Respiratory Muscle Dysfunction in Congestive Heart Failure

Abstract

Background—In congestive heart failure (CHF), the prognostic significance of impaired respiratory muscle strength has not been established. Methods and Results—Maximal inspiratory pressure (Pi_max) was prospectively determined in 244 consecutive patients (207 men) with CHF (ischemic, n=75; idiopathic dilated cardiomyopathy, n=169; age, 54±11 years; left ventricular ejection fraction [LVEF], 22±10%). Pi_max was lower in the 244 patients with CHF than in 25 control subjects (7.6±3.3 versus 10.5±3.7 kPa; P=0.001). The 57 patients (23%) who died during follow-up (23±16 months; range, 1 to 48 months) had an even more reduced Pi_max (6.3±3.2 versus 8.1±3.2 kPa in survivors; P=0.001). Kaplan-Meier survival curves differentiated between patients subdivided according to quartiles for Pi_max (P=0.014). Pi_max was a strong risk predictor in both univariate (P=0.001) and multivariate Cox proportional hazard analyses (P=0.03); multivariate analyses also included NYHA functional class, LVEF, peak oxygen consumption (peak V̇o₂), and norepinephrine plasma concentration.
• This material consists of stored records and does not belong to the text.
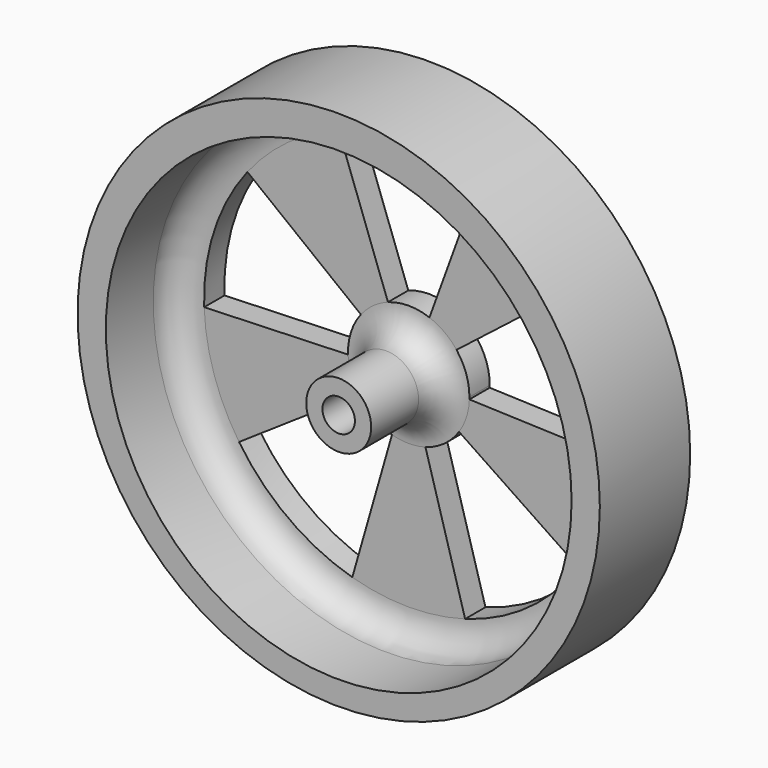
from build123d import *

# Parameters (mm, degrees)
F0_R     = 2.3
F0_R_2   = 1.15
F1_DEPTH = 8
F0_R_3   = 18.5
F0_R_4   = 16.5
F2_DEPTH = 8
F3_DEPTH = 1.8
F4_R     = 2
F6_DEPTH = 1.801


with BuildPart() as f1:
    # F0 (on Front) → F1 (new body)
    with BuildSketch(Plane.XZ):
        Circle(F0_R)
        Circle(F0_R_2, mode=Mode.SUBTRACT)
    extrude(amount=F1_DEPTH)



with BuildPart() as f2:
    # F0 (on Front) → F2 (new body)
    with BuildSketch(Plane.XZ):
        with Locations((0, 0.311320764)):
            Circle(F0_R_3)
        Circle(F0_R_4, mode=Mode.SUBTRACT)
    extrude(amount=F2_DEPTH)


with BuildPart() as f1_1:
    add(f1.part)

    add(f2.part)  # F3 merges F2
    # F0 (on Front) → F3 (join)
    with BuildSketch(Plane.XZ):
        with Locations((0, 0.311320764)):
            Circle(F0_R_3)
        Circle(F0_R_4, mode=Mode.SUBTRACT)
        Circle(F0_R_4)
        Circle(F0_R, mode=Mode.SUBTRACT)
        Circle(F0_R)
        Circle(F0_R_2, mode=Mode.SUBTRACT)
        Circle(F0_R_2)
    extrude(amount=F3_DEPTH)

    # F4
    f4_edges = [f1_1.edges().sort_by_distance(p)[0] for p in [
        (-16.5, -1.8, 0),
        (-2.3, -1.8, 0),
    ]]
    fillet(f4_edges, radius=F4_R)

    # F5 (on face) → F6 (cut, through all)
    with BuildSketch(Plane.XZ.offset(1.8)):
        with BuildLine():
            Line((1.4706866163, 4.0406782694), (4.9592920782, 13.6255430014))
            ThreePointArc((4.9592920782, 13.6255430014), (0, 14.5), (-4.9592920782, 13.6255430014))
            Line((-4.9592920782, 13.6255430014), (-1.4706866163, 4.0406782694))
            ThreePointArc((-1.4706866163, 4.0406782694), (0, 4.3), (1.4706866163, 4.0406782694))
        make_face()
        with BuildLine():
            ThreePointArc((14.4911669918, -0.5060427022), (14.4977915798, -0.2530598933), (14.5, 0))
            ThreePointArc((14.5, 0), (13.7100193462, 4.7207382396), (11.4261559273, 8.9270913922))
            Line((11.4261559273, 8.9270913922), (3.3884462405, 2.6473443439))
            ThreePointArc((3.3884462405, 2.6473443439), (4.0657298751, 1.3999430642), (4.3, 0))
            ThreePointArc((4.3, 0), (4.2993450892, -0.0750453477), (4.2973805562, -0.1500678358))
            Line((4.2973805562, -0.1500678358), (14.4911669918, -0.5060427022))
        make_face()
        with BuildLine():
            ThreePointArc((3.9967416593, -13.9382945911), (8.5228861582, -11.7307464184), (12.021044802, -8.1082971003))
            Line((12.021044802, -8.1082971003), (3.564861562, -2.4045294849))
            ThreePointArc((3.564861562, -2.4045294849), (2.5274765849, -3.4787730758), (1.18524063, -4.1334252925))
            Line((1.18524063, -4.1334252925), (3.9967416593, -13.9382945911))
        make_face()
        with BuildLine():
            ThreePointArc((-12.021044802, -8.1082971003), (-8.5228861582, -11.7307464184), (-3.9967416593, -13.9382945911))
            Line((-3.9967416593, -13.9382945911), (-1.18524063, -4.1334252925))
            ThreePointArc((-1.18524063, -4.1334252925), (-2.5274765849, -3.4787730758), (-3.564861562, -2.4045294849))
            Line((-3.564861562, -2.4045294849), (-12.021044802, -8.1082971003))
        make_face()
        with BuildLine():
            Line((-3.3884462405, 2.6473443439), (-11.4261559273, 8.9270913922))
            ThreePointArc((-11.4261559273, 8.9270913922), (-13.7903194863, 4.4807464184), (-14.4911669918, -0.5060427022))
            Line((-14.4911669918, -0.5060427022), (-4.2973805562, -0.1500678358))
            ThreePointArc((-4.2973805562, -0.1500678358), (-4.0895430201, 1.3287730758), (-3.3884462405, 2.6473443439))
        make_face()
    extrude(amount=-F6_DEPTH, mode=Mode.SUBTRACT)


solid = f1_1.part

The areas under the receiver-operating characteristic curves for prediction of 1-year survival were comparable for Pi_max and peak V̇o₂ (area under the curve [AUC], 0.68 versus 0.73; P=0.28), and they improved with the triple combination of Pi_max, peak V̇o₂, and LVEF (AUC, 0.82; P=0.004 compared with AUC of Pi_max). Conclusions—In patients with CHF, inspiratory muscle strength is reduced and emerges as a novel, independent predictor of prognosis. Because testing for Pi_max is simple in clinical practice, it might serve as an additional factor to improve risk stratification and patient selection for cardiac transplantation.